To do - Count up the lines of the data below that contain the string "ByBlock", then give only the total.

Material provided -
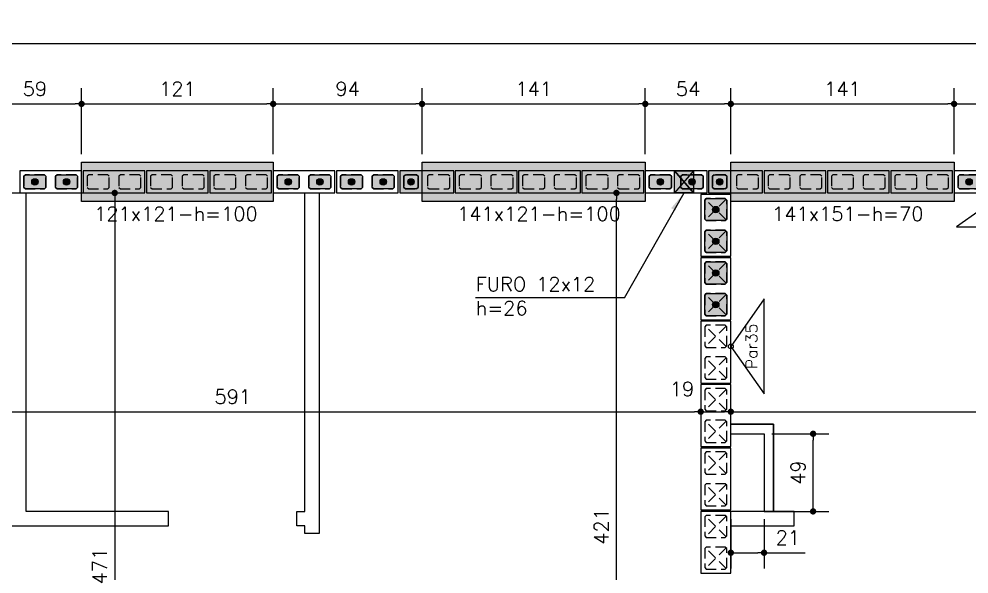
# Model space of a CAD drawing. Extents: x -14651 to 4582, y -13717 to -1290.
# Drawn here: x 1034 to 1634, y -12269 to -11919 of the extents above; entities that cross this region are included whole.
import ezdxf
from ezdxf.enums import TextEntityAlignment as Align

# ---------------------------------------------------------------- set-up
doc = ezdxf.new("R2010")
doc.units = 0
doc.header["$LTSCALE"] = 25
doc.linetypes.add('DASHED2', pattern=[0.375, 0.25, -0.125])
for name, color, linetype in [('203', 1, 'DASHED2'), ('213', 252, 'Continuous'), ('241', 2, 'Continuous'), ('247', 50, 'Continuous'), ('248', 100, 'Continuous'), ('ABERTURAS', 53, 'Continuous'), ('ac-furo', 170, 'Continuous'), ('ALVENARIA NÃO ESTRUTURAL', 242, 'Continuous'), ('Arranque', 14, 'Continuous'), ('COTA', 1, 'Continuous'), ('FERRO', 5, 'Continuous'), ('H2', 252, 'Continuous'), ('Linha_fina', 1, 'Continuous'), ('Pena_2', 2, 'Continuous'), ('T1', 2, 'Continuous'), ('TJANELA', 2, 'Continuous'), ('VIGA', 3, 'Continuous')]:
    doc.layers.add(name, color=color, linetype=linetype)
doc.styles.add('COTA', font='romans.shx')
doc.styles.add('Texto1', font='romans.shx', dxfattribs={"height": 9})
doc.dimstyles.new('forma', dxfattribs={"dimscale": 5, "dimtxt": 1.8, "dimasz": 0.8, "dimexe": 2, "dimexo": 1, "dimgap": 1, "dimtad": 1, "dimdec": 1, "dimzin": 9, "dimtxsty": 'COTA', "dimblk1": 'DOT', "dimblk2": 'DOT', "dimsah": 1, "dimcen": 0, "dimdle": 1, "dimclrd": 256, "dimclre": 256, "dimclrt": 2, "dimadec": 0, "dimazin": 0, "dimtfac": 1, "dimtdec": 0, "dimtmove": 0, "dimatfit": 3, "dimfxl": 1, "dimtolj": 1, "dimtzin": 0, "dimarcsym": 0})

# ---------------------------------------------------------------- blocks, each defined once
blk = doc.blocks.new('P4015', base_point=(5842102.11612, -8124149.02973))
blk.add_lwpolyline([(5842082.61612, -8124156.02973), (5842121.61612, -8124156.02973), (5842121.61612, -8124142.02973), (5842082.61612, -8124142.02973), (5842082.61612, -8124156.02973)])
at = {"color": 1, "linetype": 'DASHED2'}
for points in [[(5842085.11612, -8124152.52973), (5842086.11612, -8124153.52973), (5842098.11612, -8124153.52973), (5842099.11612, -8124152.52973), (5842099.11612, -8124145.52973), (5842098.11612, -8124144.52973), (5842086.11612, -8124144.52973), (5842085.11612, -8124145.52973), (5842085.11612, -8124152.52973)], [(5842105.11612, -8124152.52973), (5842106.11612, -8124153.52973), (5842118.11612, -8124153.52973), (5842119.11612, -8124152.52973), (5842119.11612, -8124145.52973), (5842118.11612, -8124144.52973), (5842106.11612, -8124144.52973), (5842105.11612, -8124145.52973), (5842105.11612, -8124152.52973)]]:
    blk.add_lwpolyline(points, dxfattribs=at)
blk = doc.blocks.new('P3515')
at = {"layer": '248'}
h = blk.add_hatch(color=100, dxfattribs=at)
h.paths.add_polyline_path([(17, 7), (-17, 7), (-17, -7), (17, -7)])
h.paths.add_polyline_path([(-5.5, -3.5), (-6.5, -4.5), (-13.5, -4.5), (-14.5, -3.5), (-14.5, 3.5), (-13.5, 4.5), (-6.5, 4.5), (-5.5, 3.5)], flags=16)
h.paths.add_polyline_path([(0.5, 3.5), (1.5, 4.5), (13.5, 4.5), (14.5, 3.5), (14.5, -3.5), (13.5, -4.5), (1.5, -4.5), (0.5, -3.5)], flags=16)
blk.add_lwpolyline([(-17, -7), (17, -7), (17, 7), (-17, 7), (-17, -7)])
at = {"color": 1, "linetype": 'DASHED2'}
for points in [[(-14.5, -3.5), (-13.5, -4.5), (-6.5, -4.5), (-5.5, -3.5), (-5.5, 3.5), (-6.5, 4.5), (-13.5, 4.5), (-14.5, 3.5), (-14.5, -3.5)], [(0.5, -3.5), (1.5, -4.5), (13.5, -4.5), (14.5, -3.5), (14.5, 3.5), (13.5, 4.5), (1.5, 4.5), (0.5, 3.5), (0.5, -3.5)]]:
    blk.add_lwpolyline(points, dxfattribs=at)
blk = doc.blocks.new('P4020')
blk.add_lwpolyline([(-19.5, -9.5), (19.5, -9.5), (19.5, 9.5), (-19.5, 9.5), (-19.5, -9.5)])
at = {"color": 1, "linetype": 'DASHED2'}
for points in [[(-17, -6), (-16, -7), (-4, -7), (-3, -6), (-3, 6), (-4, 7), (-16, 7), (-17, 6), (-17, -6)], [(3, -6), (4, -7), (16, -7), (17, -6), (17, 6), (16, 7), (4, 7), (3, 6), (3, -6)]]:
    blk.add_lwpolyline(points, dxfattribs=at)
at = {"layer": '203', "color": 253}
for p, q in [((-16.5, 6.5), (-3.5, -6.5)), ((-3.5, 6.5), (-16.5, -6.5)), ((16.5, 6.5), (3.5, -6.5)), ((3.5, 6.5), (16.5, -6.5))]:
    blk.add_line(p, q, dxfattribs=at)
blk = doc.blocks.new('GR-0909')
at = {"layer": '213'}
h = blk.add_hatch(color=256, dxfattribs=at)
h.paths.add_polyline_path([(3.5, -4.5), (4.5, -3.5), (4.500001, 3.5), (3.500001, 4.5), (-3.499999, 4.5), (-4.499999, 3.5), (-4.5, -3.5), (-3.5, -4.5)])
h.paths.add_polyline_path([(-2, 0, -1), (2, 0, -1)], flags=16)
at = {"layer": 'Arranque'}
blk.add_hatch(color=256, dxfattribs=at).paths.add_polyline_path([(2, 0, 1), (-2, 0, 1)])
at = {"layer": '213'}
blk.add_lwpolyline([(3.500001, 4.5), (4.500001, 3.5), (4.5, -3.5), (3.5, -4.5), (-3.5, -4.5), (-4.5, -3.5), (-4.499999, 3.5), (-3.499999, 4.5), (3.500001, 4.5)], dxfattribs=at)
at = {"layer": 'FERRO', "linetype": 'Continuous'}
blk.add_circle((0, 0), 2, dxfattribs=at)
blk = doc.blocks.new('GR-1409')
at = {"layer": '213'}
h = blk.add_hatch(color=256, dxfattribs=at)
h.paths.add_polyline_path([(-6, 4.5), (-7, 3.5), (-7, -3.5), (-6, -4.5), (6, -4.5), (7, -3.5), (7, 3.5), (6, 4.5)])
h.paths.add_polyline_path([(-2, 0, 1), (2, 0, 1)], flags=16)
at = {"layer": 'Arranque'}
blk.add_hatch(color=256, dxfattribs=at).paths.add_polyline_path([(-2, 0, 1), (2, 0, 1)])
at = {"layer": '213'}
blk.add_lwpolyline([(-7, 3.5), (-6, 4.5), (6, 4.5), (7, 3.5), (7, -3.5), (6, -4.5), (-6, -4.5), (-7, -3.5), (-7, 3.5)], dxfattribs=at)
at = {"layer": 'FERRO', "linetype": 'Continuous'}
blk.add_circle((0, 0), 2, dxfattribs=at)
blk = doc.blocks.new('GR-1414')
at = {"layer": '213'}
h = blk.add_hatch(color=256, dxfattribs=at)
h.paths.add_polyline_path([(6, -7), (7, -6), (7, 6), (6, 7), (-6, 7), (-7, 6), (-7, -6), (-6, -7)])
h.paths.add_polyline_path([(2, 0, 1), (-2, 0, 1)], flags=16)
at = {"layer": 'Arranque'}
blk.add_hatch(color=256, dxfattribs=at).paths.add_polyline_path([(2, 0, 1), (-2, 0, 1)])
at = {"layer": '213'}
for p, q in [((-7, 6), (-6, 7)), ((-7, -6), (-7, 6)), ((-6, 7), (6, 7)), ((6, 7), (7, 6)), ((7, 6), (7, -6)), ((-6, -7), (-7, -6)), ((6, -7), (-6, -7)), ((7, -6), (6, -7))]:
    blk.add_line(p, q, dxfattribs=at)
at = {"layer": 'FERRO', "linetype": 'Continuous'}
blk.add_circle((0, 0), 2, dxfattribs=at)
blk = doc.blocks.new('_IDNPAR_2')
at = {"color": 3}
blk.add_lwpolyline([(1, -0.7), (0, 0), (-1, -0.7)], close=True, dxfattribs=at)
blk.add_circle((0, 0), 0.05, dxfattribs=at)
at = {"layer": '247', "color": 2, "style": 'COTA', "flags": 8}
blk.add_attdef('ID', text='', height=0.24, dxfattribs=at).set_placement((0, -0.438), align=Align.MIDDLE_CENTER)
blk = doc.blocks.new('_Dot')
at = {"color": 0, "linetype": 'ByBlock', "lineweight": -2}
blk.add_line((-0.5, 0), (-1, 0), dxfattribs=at)
at = {"color": 0, "linetype": 'ByBlock', "const_width": 0.5}
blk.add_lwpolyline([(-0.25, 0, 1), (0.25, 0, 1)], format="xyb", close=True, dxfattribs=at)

Output of the task - 2